Now Stellenbosch is not a name to use lightly, for there go the men who have not done quite so well; and the R.S.O.’s face clouded as he asked for an explanation.

‘Haven’t you stopped McManus?’ said an officer, who knew his man.

‘Who’s McManus?’

‘Oh, I’m sorry — never mind — you’ll find out before Tuesday.’

‘The only person I’ve stopped was that civilian who hadn’t had his pass signed by Smith. I can’t accept a verbal message across the Orange River.’

‘Quite right. You’ll be getting all your message on the wire from Bloemfontein in a little while. I wouldn’t be in your shoes for a trifle.’

‘I don’t think McManus minds much, though,’ the Colonial Captain struck in soothingly. ‘I spoke to him just now. He says he is going on.’

‘I’ll take dashed good care he doesn’t,’ said the R.S.O., exploding. This was something he could understand.

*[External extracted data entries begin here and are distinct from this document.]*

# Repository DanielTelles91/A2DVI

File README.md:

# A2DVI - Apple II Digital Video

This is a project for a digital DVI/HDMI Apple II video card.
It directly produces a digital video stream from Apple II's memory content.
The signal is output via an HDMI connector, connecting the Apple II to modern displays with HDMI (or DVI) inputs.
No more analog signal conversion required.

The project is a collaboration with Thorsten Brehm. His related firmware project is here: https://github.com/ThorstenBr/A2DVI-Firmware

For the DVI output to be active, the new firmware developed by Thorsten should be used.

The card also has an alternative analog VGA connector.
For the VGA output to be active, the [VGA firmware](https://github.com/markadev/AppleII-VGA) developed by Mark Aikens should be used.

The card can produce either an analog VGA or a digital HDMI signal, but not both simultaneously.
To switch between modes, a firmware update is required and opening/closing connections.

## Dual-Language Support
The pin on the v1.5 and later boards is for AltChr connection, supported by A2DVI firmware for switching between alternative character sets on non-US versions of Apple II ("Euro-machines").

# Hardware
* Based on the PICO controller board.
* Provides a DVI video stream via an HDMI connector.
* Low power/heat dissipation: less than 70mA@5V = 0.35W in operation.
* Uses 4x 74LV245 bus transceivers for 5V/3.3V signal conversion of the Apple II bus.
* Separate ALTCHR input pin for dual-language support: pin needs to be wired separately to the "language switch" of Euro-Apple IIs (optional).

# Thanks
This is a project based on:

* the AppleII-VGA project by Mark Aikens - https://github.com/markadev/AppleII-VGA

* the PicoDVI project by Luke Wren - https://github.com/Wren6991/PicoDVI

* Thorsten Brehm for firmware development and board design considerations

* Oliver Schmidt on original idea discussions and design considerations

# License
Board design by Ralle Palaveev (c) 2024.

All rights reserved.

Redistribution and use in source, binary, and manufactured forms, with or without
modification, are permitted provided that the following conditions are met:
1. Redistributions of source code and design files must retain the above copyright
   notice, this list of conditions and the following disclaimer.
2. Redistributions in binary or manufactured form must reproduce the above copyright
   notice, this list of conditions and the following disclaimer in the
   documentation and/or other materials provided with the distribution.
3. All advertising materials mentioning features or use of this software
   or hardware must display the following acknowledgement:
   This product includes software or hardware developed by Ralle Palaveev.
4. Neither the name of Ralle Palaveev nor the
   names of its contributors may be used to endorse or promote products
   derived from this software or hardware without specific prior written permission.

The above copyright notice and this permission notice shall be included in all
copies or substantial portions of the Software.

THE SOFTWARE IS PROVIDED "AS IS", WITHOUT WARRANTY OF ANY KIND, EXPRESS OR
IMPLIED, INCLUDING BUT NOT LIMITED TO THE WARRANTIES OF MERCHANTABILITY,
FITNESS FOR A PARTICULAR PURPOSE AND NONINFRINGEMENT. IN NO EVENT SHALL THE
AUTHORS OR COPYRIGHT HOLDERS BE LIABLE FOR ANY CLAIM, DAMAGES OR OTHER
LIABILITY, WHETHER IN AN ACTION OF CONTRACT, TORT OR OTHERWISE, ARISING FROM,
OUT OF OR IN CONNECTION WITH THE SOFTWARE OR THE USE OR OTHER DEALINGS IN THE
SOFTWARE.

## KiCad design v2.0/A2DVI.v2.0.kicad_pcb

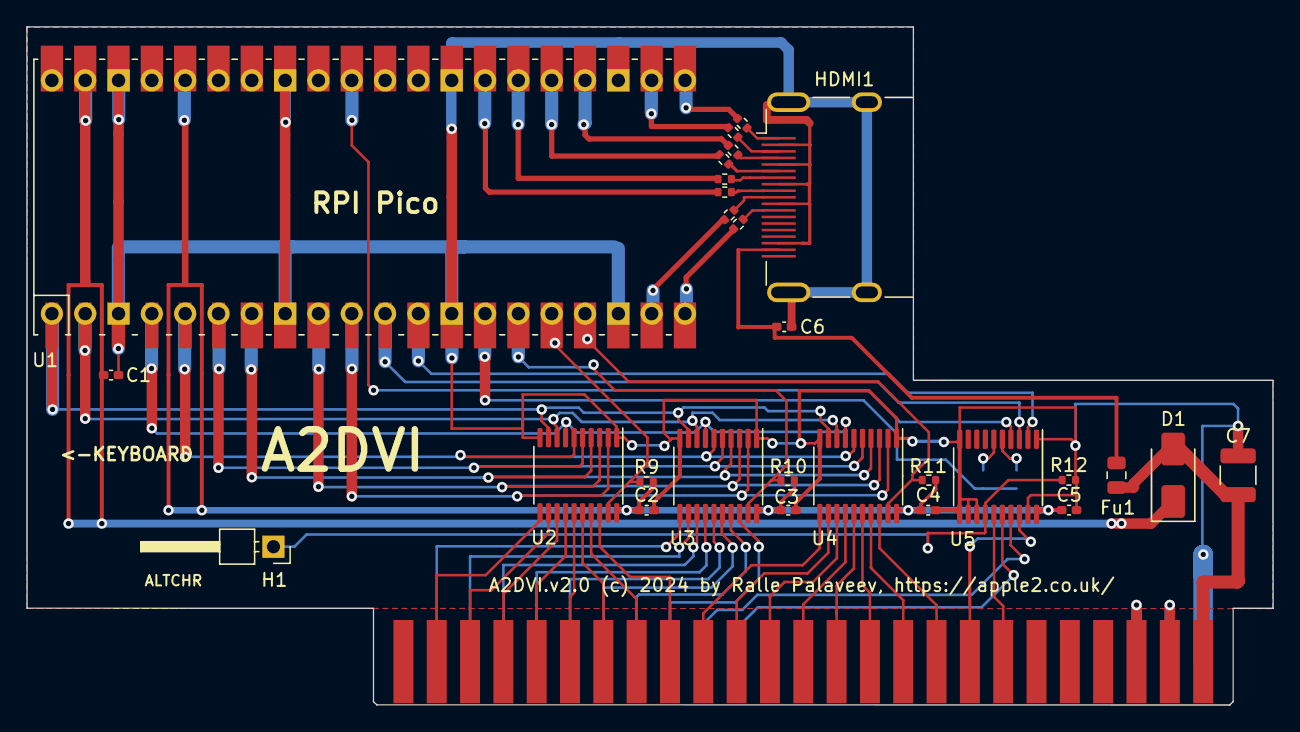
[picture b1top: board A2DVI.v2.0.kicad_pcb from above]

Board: 2 copper layers, 95.0 x 51.7 mm, 28 parts (0 on the bottom side), 29 nets.

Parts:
C1, C2, C3, C4, C5, C6: 100n; C_0402_1005Metric_Pad0.74x0.62mm_HandSolder
C7: C_1210_3225Metric
D1: SS16; D_SMA
Fu1: Fuse_0805_2012Metric
H1: PinHeader_1x01_P2.54mm_Horizontal
HDMI1: HDMI_A_Molex_208658-1001_Horizontal
R1, R2, R3, R4, R5, R6, R7, R8: 270; R_0402_1005Metric
R9, R10, R11, R12: 10k; R_0402_1005Metric
U1: Pico; RPi_PicoW_SMD_TH
U2, U3, U4, U5: SN74LVC245APWR; TSSOP-20_4.4x6.5mm_P0.65mm

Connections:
3.3V: C2.1, C3.1, C4.1, C5.1, R9.2, R10.2, R11.2, U1.36 (3V3), U2.20, U3.20, U4.20, U5.20
5V: C7.2, D1.2, Fu1.2
5V_out: C6.1, Fu1.1, HDMI1.18
AD0: U1.1 (GPIO0), U2.9, U3.9, U4.9
AD1: U1.2 (GPIO1), U2.8, U3.8, U4.8
AD2: U1.4 (GPIO2), U2.7, U3.7, U4.7
AD3: U1.5 (GPIO3), U2.6, U3.6, U4.6
AD4: U1.6 (GPIO4), U2.5, U3.5, U4.5
AD5: U1.7 (GPIO5), U2.4, U3.4, U4.4
AD6: U1.9 (GPIO6), U2.3, U3.3, U4.3
AD7: U1.10 (GPIO7), U2.2, U3.2, U4.2
Altchr: H1.1, R12.1, U5.14
CK_N: R8.1, U1.20 (GPIO15)
CK_P: R7.1, U1.19 (GPIO14)
D0_N: R6.1, U1.27 (GPIO21)
D0_P: R5.1, U1.26 (GPIO20)
D1_N: R4.1, U1.25 (GPIO19)
D1_P: R3.1, U1.24 (GPIO18)
D2_N: R2.1, U1.22 (GPIO17)
D2_P: R1.1, U1.21 (GPIO16)
D2_otut_P: HDMI1.1, R1.2
DATAOE: R10.1, U1.15 (GPIO11), U3.19
GND: C1.2, C2.2, C3.2, C4.2, C5.2, C6.2, C7.1, HDMI1.2, HDMI1.5, HDMI1.8, HDMI1.11, HDMI1.17, HDMI1.SH, R12.2, U1.3 (GND), U1.8 (GND), U1.13 (GND), U1.18 (GND), U1.23 (GND), U1.28 (GND), U1.33 (AGND), U1.38 (GND), U2.1, U2.10, U3.1, U3.10, U4.1, U4.10, U5.1, U5.10, U5.11, U5.12, U5.13, U5.19
L-DevSel: U1.11 (GPIO8), U5.3
L-PHI0: U1.31 (GPIO26_ADC0), U5.4
L-RW: U1.12 (GPIO9), U5.2
LSBOE: R9.1, U1.16 (GPIO12), U2.19
MSBOE: R11.1, U1.17 (GPIO13), U4.19
VSYS: C1.1, D1.1, U1.39 (VSYS)

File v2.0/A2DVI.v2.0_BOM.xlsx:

Comment | Designator | Footprint | JLCPCB Part #（optional）
HDMI connector | HDMI1 |  | C7501808
PinHeader_1x01_P2.54mm_Horizontal | H1 |  | C2883838
270 | R1,R2,R3,R4,R5,R6,R7,R8 | 0402 | C25099
10k | R9,R10,R11,R12 | 0402 | C25744
16V 100nF X7R ±10% 0402 Multilayer Ceramic Capacitors MLCC - SMD/SMT ROHS | C1,C2,C3,C4,C5,C6 | 0402 | C1525
10V 100uF X5R ±20% 1210 Multilayer Ceramic Capacitors MLCC - SMD/SMT ROHS | C7 | 1210 | C386065
MBR120VLSFT1G | D1 | SOD123-FL | C223608
6V 100mA Resettable Fuse | Fu1 | 0805 | C20975
Raspberry Pi PICO | U1 |  | C7203002
SN74LVC245APWR | U2,U3,U4,U5 | TSSOP-20 | C7848

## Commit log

2024-10-11 adicionado fotos
2024-10-11 Removido a malha GND

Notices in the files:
v2.0/A2DVI.v2.0.kicad_pcb:
A2DVI.v2.0 (c) 2024 by Ralle Palaveev, https://apple2.co.uk
Board design by R. Palaveev, (c) 2024
Firmware by Thorsten Brehm, (c) 2024

‘Yes — he’s going on in the train when she comes in — so you’ll have another chance, you see. If you stop him, I suppose he will go back to Cape Town, and he’ll tell the Little Man why. He’s rather busy, and he won’t be able to come up again.’

‘But — confound it all — does he expect the whole blessed Orange Free State to wait on his business?’

‘It would be a bad job if it didn’t — just now. He’s the head of the Corporate Equatorial Banking Corporation, and he has been called up to Bloemfontein rather urgently to put the finances of the place straight. He isn’t going up to start a hotel there, you know.’

Somebody lit a pipe; and in the hush you could hear the great river running through the dry hills. A far-away voice on the construction- engine backed close up to the bridge called to someone under a staging.

‘McManus going up to Bloemfontein to-night?’

‘Ye—es.’

‘That means business — thank God.’

‘Why—y?’

‘Why?’Cause they don’t care one scarlet weir for the whole Army — the Boers don’t. They reckon they can get them withdrawn if they win the game in London, but reopenin’ the Bank at Bloemfontein means business. That’s why. It teaches the Dutch more than twenty battles. Wonder they don’t try to cut the line and nab him to-night.’

The silence by the gangers’ hut continued unbroken for twenty puffs.

‘And he did wait outside Smith’s door, while Smith was washing — because I saw him. I wouldn’t have done it,’ said an Imperial Officer slowly,’ but I suppose he wished to see what sort of fools we can be when we go in for war.’

‘And you’ve told him to walk two miles back and two miles here again,’ said the New Zealander, ‘to get Smith’s signature.’

‘And there’s no guarantee Smith won’t be having a hair-cut and shampoo when he reaches there,’ the Colonial Captain added. We knew in Cape Town a week ago that McManus had been called up. But, of course, if he hasn’t got Smith’s signature, that settles it.’

‘What does it matter? Let the brute frolic round the kopjes till Smith’s dry. He’s only the boss of the biggest Bank in the country. Who cares how much they want him at Bloemfontein ? I’d put a guard on him, and march him back in irons, by Jove,’ said a Cavalry Officer. ‘I say, old man, didn’t it ever occur to you to knock off some of the points of these rocks that we’re supposed to sit on? They’re infernally nubbly.’

One by one the stars came out over the hills, and the flare-lamps of the never-sleeping Pioneer Corps puffed and blazed afresh in the river-bed.

Last of all came the train from the North, and when McManus and his Secretary went up to their labelled compartments reserved for them at Bloemfontein, the R.S.O. took no notice.

No more, for that matter, did McManus.